━━ GIVEN ENTRIES ━━

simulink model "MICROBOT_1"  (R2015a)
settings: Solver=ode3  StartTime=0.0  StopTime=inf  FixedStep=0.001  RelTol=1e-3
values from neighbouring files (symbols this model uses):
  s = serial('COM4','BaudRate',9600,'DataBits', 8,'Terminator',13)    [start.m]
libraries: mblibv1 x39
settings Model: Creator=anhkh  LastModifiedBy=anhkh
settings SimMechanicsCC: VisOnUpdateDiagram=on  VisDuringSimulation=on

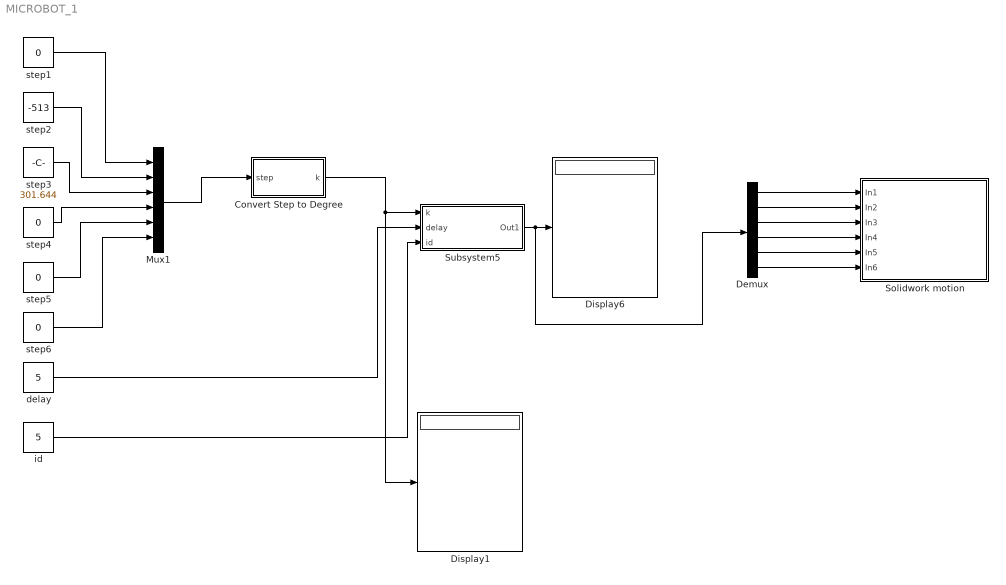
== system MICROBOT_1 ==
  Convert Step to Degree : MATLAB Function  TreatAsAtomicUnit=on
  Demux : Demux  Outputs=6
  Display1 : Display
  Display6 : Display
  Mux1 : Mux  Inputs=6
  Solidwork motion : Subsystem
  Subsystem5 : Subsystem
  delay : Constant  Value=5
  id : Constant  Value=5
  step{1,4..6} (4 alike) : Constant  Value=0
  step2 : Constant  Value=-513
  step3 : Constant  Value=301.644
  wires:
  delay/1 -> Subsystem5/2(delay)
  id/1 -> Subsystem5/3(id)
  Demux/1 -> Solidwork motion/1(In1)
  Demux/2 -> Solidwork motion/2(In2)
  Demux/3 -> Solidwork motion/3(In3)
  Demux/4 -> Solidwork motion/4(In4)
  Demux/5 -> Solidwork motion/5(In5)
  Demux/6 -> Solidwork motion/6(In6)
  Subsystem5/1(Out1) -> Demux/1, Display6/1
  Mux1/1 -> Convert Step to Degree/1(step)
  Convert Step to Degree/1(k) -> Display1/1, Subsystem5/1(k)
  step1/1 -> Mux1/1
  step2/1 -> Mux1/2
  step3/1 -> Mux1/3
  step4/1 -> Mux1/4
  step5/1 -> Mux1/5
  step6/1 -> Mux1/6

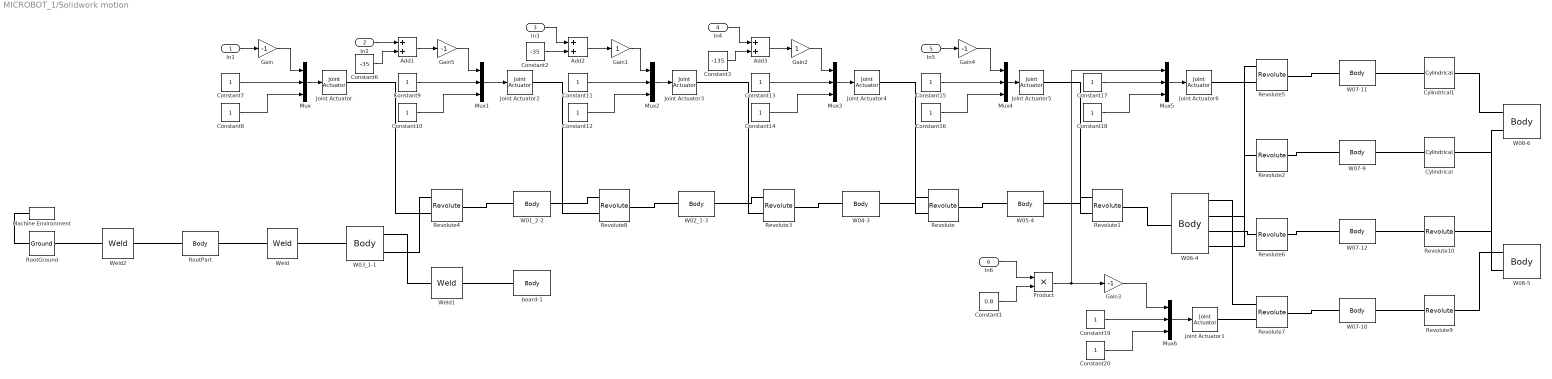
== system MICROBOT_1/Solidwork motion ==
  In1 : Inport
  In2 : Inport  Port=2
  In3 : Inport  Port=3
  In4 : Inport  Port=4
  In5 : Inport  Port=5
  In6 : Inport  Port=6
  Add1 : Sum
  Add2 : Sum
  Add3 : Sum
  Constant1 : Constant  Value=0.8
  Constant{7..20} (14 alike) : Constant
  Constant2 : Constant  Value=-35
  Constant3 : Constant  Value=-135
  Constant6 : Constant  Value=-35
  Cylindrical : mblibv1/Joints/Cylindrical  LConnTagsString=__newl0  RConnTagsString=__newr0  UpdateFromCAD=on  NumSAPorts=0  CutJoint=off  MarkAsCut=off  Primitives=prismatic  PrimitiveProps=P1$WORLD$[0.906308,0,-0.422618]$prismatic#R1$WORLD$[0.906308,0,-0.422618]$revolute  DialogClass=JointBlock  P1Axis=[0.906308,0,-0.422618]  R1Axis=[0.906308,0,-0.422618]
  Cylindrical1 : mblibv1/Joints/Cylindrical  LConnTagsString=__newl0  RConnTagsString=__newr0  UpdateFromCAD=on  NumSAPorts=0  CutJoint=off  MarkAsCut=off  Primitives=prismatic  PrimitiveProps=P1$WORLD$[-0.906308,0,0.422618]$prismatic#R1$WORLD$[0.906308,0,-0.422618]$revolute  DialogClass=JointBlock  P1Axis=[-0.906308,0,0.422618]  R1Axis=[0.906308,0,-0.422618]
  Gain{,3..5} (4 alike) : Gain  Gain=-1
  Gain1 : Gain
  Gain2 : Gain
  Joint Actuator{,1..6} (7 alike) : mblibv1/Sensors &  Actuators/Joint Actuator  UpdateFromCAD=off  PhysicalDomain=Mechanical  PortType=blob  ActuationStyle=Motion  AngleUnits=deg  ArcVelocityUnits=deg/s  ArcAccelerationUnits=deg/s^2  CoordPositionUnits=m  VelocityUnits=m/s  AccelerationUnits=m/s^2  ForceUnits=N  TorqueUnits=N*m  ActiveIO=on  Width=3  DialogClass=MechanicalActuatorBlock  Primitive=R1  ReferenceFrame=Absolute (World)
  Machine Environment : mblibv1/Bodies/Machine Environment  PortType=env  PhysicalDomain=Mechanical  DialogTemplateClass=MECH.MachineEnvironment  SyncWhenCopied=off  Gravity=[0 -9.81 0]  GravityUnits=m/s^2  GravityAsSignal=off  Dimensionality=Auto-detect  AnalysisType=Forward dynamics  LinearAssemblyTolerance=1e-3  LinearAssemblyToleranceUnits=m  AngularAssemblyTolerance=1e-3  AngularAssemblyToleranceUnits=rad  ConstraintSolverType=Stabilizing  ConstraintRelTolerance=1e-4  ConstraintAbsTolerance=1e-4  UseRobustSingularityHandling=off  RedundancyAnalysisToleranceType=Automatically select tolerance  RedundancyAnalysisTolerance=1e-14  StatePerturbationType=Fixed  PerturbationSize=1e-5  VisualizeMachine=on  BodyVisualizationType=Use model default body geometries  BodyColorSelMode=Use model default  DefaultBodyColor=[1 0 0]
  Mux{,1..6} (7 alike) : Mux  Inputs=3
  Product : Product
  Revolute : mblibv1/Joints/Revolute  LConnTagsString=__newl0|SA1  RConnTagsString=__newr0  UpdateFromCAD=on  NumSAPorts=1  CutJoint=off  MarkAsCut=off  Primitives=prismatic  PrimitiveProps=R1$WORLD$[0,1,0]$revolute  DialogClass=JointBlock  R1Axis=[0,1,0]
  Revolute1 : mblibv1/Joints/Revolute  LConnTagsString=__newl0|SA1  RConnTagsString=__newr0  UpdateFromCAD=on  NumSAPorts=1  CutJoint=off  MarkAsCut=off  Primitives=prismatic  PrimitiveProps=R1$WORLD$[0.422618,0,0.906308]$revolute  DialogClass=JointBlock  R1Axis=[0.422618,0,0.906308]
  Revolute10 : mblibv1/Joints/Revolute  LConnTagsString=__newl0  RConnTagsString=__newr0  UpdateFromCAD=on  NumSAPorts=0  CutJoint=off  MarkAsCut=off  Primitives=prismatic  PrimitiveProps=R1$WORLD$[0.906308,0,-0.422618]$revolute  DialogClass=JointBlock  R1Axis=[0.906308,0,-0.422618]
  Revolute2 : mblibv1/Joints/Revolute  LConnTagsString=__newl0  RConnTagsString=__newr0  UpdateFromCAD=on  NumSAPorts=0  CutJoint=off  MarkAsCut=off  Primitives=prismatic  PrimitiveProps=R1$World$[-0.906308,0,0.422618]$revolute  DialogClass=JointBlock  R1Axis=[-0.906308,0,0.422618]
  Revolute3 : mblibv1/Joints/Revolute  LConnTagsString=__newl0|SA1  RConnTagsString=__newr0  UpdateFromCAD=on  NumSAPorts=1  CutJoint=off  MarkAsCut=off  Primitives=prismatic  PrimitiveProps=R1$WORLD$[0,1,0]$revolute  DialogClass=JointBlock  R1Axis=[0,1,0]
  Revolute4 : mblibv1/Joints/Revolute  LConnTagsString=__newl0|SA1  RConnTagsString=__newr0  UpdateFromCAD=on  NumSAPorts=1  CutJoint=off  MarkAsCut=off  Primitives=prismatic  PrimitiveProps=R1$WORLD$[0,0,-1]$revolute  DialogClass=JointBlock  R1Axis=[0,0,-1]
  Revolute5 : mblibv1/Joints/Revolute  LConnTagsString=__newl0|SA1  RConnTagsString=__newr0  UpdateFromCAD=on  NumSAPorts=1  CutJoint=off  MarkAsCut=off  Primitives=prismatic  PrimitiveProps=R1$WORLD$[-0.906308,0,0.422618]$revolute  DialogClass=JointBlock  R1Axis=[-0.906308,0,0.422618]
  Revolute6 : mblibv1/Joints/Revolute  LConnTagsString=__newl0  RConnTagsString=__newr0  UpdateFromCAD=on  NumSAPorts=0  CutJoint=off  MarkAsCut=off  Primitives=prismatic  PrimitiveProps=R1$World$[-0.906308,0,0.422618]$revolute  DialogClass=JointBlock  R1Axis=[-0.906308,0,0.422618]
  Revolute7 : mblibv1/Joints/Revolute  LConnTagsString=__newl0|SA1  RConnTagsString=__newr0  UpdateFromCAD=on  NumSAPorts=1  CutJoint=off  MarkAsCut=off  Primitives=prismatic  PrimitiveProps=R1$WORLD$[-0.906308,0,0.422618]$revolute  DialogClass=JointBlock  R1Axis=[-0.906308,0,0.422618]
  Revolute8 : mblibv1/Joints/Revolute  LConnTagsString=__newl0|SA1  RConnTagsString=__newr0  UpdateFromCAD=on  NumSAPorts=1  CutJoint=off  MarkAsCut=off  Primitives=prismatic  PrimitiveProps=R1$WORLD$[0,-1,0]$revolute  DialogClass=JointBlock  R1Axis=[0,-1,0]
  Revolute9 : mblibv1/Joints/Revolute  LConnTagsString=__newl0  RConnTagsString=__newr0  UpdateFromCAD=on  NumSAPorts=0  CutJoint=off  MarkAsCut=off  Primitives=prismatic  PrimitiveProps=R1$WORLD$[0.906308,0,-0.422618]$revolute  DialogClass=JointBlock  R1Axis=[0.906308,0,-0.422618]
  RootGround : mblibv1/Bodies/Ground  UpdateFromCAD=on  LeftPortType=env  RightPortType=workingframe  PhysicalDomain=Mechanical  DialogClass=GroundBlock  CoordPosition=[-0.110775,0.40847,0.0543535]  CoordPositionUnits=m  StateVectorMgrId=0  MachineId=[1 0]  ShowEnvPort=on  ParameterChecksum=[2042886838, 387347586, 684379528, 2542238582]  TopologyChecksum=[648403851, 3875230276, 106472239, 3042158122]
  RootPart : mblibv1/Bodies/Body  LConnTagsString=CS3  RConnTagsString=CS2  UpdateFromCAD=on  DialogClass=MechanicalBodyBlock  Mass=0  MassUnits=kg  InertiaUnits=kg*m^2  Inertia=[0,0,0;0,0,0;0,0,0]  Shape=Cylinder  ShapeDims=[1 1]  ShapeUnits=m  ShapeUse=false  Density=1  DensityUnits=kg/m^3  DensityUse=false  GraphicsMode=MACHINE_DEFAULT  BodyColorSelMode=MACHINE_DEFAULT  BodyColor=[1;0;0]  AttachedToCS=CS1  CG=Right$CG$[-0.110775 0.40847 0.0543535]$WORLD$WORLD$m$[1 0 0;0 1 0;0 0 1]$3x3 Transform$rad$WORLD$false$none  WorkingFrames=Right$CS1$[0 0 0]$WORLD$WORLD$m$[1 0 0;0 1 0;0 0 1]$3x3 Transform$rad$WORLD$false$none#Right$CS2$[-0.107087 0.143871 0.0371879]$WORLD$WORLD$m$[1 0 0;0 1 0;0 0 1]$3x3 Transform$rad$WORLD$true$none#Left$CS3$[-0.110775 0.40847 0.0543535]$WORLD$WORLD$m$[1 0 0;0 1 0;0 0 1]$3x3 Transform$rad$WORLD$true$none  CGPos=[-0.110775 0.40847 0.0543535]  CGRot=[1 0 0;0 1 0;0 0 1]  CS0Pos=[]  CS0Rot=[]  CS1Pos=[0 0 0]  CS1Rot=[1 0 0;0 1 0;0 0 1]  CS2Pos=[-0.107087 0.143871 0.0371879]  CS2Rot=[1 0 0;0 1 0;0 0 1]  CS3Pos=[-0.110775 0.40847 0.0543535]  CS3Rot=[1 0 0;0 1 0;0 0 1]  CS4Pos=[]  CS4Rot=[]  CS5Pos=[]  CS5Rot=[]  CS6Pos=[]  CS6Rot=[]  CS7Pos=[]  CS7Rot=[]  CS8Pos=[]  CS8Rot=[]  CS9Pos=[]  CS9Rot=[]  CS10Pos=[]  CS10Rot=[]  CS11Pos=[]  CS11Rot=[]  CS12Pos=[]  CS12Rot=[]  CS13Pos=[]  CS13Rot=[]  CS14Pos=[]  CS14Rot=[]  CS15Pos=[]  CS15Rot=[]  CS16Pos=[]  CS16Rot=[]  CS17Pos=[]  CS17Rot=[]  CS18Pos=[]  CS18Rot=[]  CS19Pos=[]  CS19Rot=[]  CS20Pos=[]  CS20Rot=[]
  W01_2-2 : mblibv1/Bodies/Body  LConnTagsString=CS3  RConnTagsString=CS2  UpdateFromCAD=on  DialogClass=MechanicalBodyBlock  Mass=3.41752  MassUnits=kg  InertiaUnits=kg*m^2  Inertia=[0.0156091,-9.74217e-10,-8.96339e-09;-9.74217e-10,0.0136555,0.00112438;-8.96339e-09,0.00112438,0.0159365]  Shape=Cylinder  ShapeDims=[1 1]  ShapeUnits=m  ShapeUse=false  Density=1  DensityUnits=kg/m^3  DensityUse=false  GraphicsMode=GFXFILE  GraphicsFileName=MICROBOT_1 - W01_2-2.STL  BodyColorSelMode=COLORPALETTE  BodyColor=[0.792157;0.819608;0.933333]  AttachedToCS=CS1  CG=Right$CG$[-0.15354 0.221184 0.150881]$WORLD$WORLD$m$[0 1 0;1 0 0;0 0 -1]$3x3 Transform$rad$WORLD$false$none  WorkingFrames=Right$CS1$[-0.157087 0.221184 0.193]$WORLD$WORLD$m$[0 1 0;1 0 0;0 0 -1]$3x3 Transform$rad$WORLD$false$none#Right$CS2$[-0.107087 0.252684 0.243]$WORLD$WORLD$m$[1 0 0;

━━━

Copy exactly the stretch of data above from the line with "step2 : Constant" through the line with "Mux1/1 -> Convert Step to Degree/1(step)", and omit all other lines.

  step2 : Constant  Value=-513
  step3 : Constant  Value=301.644
  wires:
  delay/1 -> Subsystem5/2(delay)
  id/1 -> Subsystem5/3(id)
  Demux/1 -> Solidwork motion/1(In1)
  Demux/2 -> Solidwork motion/2(In2)
  Demux/3 -> Solidwork motion/3(In3)
  Demux/4 -> Solidwork motion/4(In4)
  Demux/5 -> Solidwork motion/5(In5)
  Demux/6 -> Solidwork motion/6(In6)
  Subsystem5/1(Out1) -> Demux/1, Display6/1
  Mux1/1 -> Convert Step to Degree/1(step)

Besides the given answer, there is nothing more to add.